Metadata-Version: 2.4
Name: tpu-top
Version: 0.1.8
Summary: TPU Monitoring Dashboard
Author-email: Hossein Sarshar <hossein.sarshar@gmail.com>
Project-URL: Homepage, https://github.com/hosseinsarshar/tpu-top
Project-URL: Bug Tracker, https://github.com/hosseinsarshar/tpu-top/issues
Classifier: Programming Language :: Python :: 3
Classifier: License :: OSI Approved :: MIT License
Classifier: Operating System :: OS Independent
Requires-Python: >=3.10
Description-Content-Type: text/markdown
License-File: LICENSE
Requires-Dist: rich
Requires-Dist: psutil
Requires-Dist: tpu-info
Requires-Dist: jax[tpu]
Requires-Dist: textual
Dynamic: license-file

# TPU-TOP

A simple terminal-based monitoring dashboard for Google Cloud TPUs, designed to give you real-time visibility into your machine's performance both on the host and the device.

> [!NOTE]
> This tool was inspired by the [nvitop](https://github.com/XuehaiPan/nvitop) project for GPUs. This is a community project and not an official Google product.

[![PyPI version](https://img.shields.io/pypi/v/tpu-top.svg)](https://pypi.org/project/tpu-top/)
[GitHub Repository](https://github.com/hosseinsarshar/tpu-top) | [PyPI Project](https://pypi.org/project/tpu-top/)

## Project Overview

`tpu-top` provides a visual, TUI (Terminal User Interface) to monitor system and TPU resources. It is tailored to run it directly on a TPU instance either on a GCE VM or a GKE Pod.

![tpu-top UI](https://raw.githubusercontent.com/hosseinsarshar/tpu-top/refs/heads/main/images/image.png)



### What You Can See

*   **TPU Memory & Utilization**: Real-time memory usage, TensorCore utilization, and raw duty cycle for each TPU device.
*   **History Graphs**: Visual graphs with timeline markers showing the history of CPU (with core count), RAM (with GiB usage), and TPU usage.
*   **Duty Cycle History**: A dedicated panel showing the history of TPU duty cycle.
*   **PIDs per TPU**: A dedicated process list showing which PIDs are utilizing specific TPU devices, including their host RAM and CPU impact.
*   **Active HLO Ops**: Current HLO operations executing on each TPU core (Tensor Cores and Sparse Cores).

## Calculations Explained

### Duty Cycle
**Duty Cycle** represents the percentage of time the TPU is "busy" (not idle) during a given sampling window. 

Performance Insights:
- High Duty Cycle (e.g., >90%): The TPU is constantly running kernels and is not waiting on the host.
- Low Duty Cycle (e.g., <30%): This is often a sign of "data starvation." The TPU is idle because it is waiting for the CPU to provide input data.

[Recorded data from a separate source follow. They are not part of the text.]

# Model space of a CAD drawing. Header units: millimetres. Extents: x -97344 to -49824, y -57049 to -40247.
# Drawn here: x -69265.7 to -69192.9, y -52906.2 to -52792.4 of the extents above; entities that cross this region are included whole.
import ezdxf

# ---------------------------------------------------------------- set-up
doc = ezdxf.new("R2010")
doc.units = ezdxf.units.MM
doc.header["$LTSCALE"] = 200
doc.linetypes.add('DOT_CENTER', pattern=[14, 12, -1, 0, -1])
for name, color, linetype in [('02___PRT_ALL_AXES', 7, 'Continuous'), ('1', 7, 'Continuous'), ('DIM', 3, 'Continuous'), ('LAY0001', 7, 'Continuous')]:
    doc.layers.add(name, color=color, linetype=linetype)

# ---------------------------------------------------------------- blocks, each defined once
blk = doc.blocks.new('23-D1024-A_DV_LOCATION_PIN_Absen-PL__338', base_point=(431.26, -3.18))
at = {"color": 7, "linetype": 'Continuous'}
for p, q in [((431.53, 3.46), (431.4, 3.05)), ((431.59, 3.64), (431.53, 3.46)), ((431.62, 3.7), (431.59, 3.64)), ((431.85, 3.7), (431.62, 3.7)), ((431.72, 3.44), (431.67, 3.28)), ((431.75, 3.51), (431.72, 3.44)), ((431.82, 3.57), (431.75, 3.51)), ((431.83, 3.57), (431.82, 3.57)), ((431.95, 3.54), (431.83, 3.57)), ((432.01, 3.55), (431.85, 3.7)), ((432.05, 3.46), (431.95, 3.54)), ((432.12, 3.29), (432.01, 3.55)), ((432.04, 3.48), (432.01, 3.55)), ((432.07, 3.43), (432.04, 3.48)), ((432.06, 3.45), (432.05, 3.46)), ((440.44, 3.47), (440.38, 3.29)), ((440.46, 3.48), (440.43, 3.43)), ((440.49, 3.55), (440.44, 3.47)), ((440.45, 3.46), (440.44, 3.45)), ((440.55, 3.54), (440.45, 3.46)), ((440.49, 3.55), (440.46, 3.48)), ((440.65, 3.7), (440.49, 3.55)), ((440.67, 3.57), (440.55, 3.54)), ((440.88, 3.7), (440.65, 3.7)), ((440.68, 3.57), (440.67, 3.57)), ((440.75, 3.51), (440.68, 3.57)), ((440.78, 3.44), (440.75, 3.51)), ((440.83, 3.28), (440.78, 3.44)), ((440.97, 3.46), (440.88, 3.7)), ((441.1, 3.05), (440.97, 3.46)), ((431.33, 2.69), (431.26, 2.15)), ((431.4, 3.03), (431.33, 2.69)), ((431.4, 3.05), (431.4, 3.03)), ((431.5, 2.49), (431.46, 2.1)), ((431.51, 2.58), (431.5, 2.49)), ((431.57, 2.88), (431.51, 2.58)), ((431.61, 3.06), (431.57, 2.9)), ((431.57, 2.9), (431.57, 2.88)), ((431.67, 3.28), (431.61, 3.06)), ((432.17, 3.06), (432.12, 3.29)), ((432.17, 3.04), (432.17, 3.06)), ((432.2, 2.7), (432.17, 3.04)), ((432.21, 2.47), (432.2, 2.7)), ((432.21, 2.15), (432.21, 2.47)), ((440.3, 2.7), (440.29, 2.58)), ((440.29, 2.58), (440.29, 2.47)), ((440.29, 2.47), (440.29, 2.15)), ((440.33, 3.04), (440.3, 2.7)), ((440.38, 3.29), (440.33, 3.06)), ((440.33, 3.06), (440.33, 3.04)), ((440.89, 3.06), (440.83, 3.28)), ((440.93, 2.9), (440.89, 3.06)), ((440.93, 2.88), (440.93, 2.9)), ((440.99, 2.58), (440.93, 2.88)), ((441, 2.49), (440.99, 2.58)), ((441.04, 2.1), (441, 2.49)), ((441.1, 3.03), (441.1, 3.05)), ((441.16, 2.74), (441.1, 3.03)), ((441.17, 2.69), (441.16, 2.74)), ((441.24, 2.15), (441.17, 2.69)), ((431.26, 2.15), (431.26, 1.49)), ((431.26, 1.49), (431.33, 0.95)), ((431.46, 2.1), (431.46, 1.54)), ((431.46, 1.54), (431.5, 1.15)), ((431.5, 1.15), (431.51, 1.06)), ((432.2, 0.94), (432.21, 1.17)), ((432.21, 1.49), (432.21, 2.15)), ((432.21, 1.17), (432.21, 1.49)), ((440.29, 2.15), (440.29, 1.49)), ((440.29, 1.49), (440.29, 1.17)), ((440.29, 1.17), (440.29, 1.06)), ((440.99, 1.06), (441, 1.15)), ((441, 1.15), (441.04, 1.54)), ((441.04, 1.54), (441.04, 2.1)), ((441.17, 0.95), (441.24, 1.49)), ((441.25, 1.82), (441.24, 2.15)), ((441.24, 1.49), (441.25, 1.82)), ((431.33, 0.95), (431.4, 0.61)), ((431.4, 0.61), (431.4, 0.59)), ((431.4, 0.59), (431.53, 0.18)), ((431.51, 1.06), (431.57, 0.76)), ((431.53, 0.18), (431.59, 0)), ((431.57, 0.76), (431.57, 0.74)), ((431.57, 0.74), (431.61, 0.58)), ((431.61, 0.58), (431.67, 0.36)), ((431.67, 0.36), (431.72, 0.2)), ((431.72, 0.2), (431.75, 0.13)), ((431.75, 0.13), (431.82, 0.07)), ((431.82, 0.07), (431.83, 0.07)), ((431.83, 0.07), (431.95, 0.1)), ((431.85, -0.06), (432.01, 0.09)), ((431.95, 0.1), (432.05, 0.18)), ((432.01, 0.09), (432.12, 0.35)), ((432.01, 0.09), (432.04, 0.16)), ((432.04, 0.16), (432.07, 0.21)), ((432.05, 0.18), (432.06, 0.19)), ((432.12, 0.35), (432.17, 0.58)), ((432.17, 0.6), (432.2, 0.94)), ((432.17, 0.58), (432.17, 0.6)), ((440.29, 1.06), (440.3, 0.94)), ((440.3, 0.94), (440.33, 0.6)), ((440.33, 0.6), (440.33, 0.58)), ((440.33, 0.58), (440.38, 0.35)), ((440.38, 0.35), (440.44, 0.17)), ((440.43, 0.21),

### TensorCore Utilization
TensorCore Utilization measures the computational intensity of the workload. It tracks what percentage of the TPU's peak theoretical matrix-multiplication capacity is actually being used while the chip is active.

Performance Insights:
- Low TensorCore Utilization: If your Duty Cycle is high but your TensorCore Utilization is low, your TPU is "busy," but it isn't doing much math. This often occurs when:
  - Batch sizes are too small to saturate the hardware.
  - The model is limited by memory bandwidth rather than compute.
  - The code spends a lot of time on non-matrix operations (e.g., scalar transposes).


### How to use them together
- **Low Duty Cycle + Low TensorCore Util:** Your TPU is mostly idle, likely waiting for data from the CPU.
- **High Duty Cycle + Low TensorCore Util:** Your TPU is constantly working, but the specific operations (kernels) you are running are not computationally dense (likely memory-bound or using small batch sizes).
- **High Duty Cycle + High TensorCore Util:** Ideal performance; you are keeping the TPU busy and fully utilizing its matrix-multiplication hardware.


## Installation

### From PyPI (Recommended)

```bash
pip install tpu-top
```

### From Source

You can also install `tpu-top` directly from the source directory.

### Prerequisites

Ensure you have Python 3.10+ and access to a Cloud TPU environment. The tool relies on `tpu-info` to communicate with the TPU driver.

### Standard Source Install

Navigate to the project root directory and run:

```bash
pip install .
```

### Developer Install

If you are making modifications and want them to reflect immediately:

```bash
pip install -e .
```

## How to Use

Once installed, you can launch the dashboard from anywhere in your terminal:

```bash
tpu-top
```

## Running Tests

To validate changes, run the unit tests:

```bash
python -m unittest test_main.py
```
(Note: If testing inside a GKE container, ensure dependencies are installed in your target environment).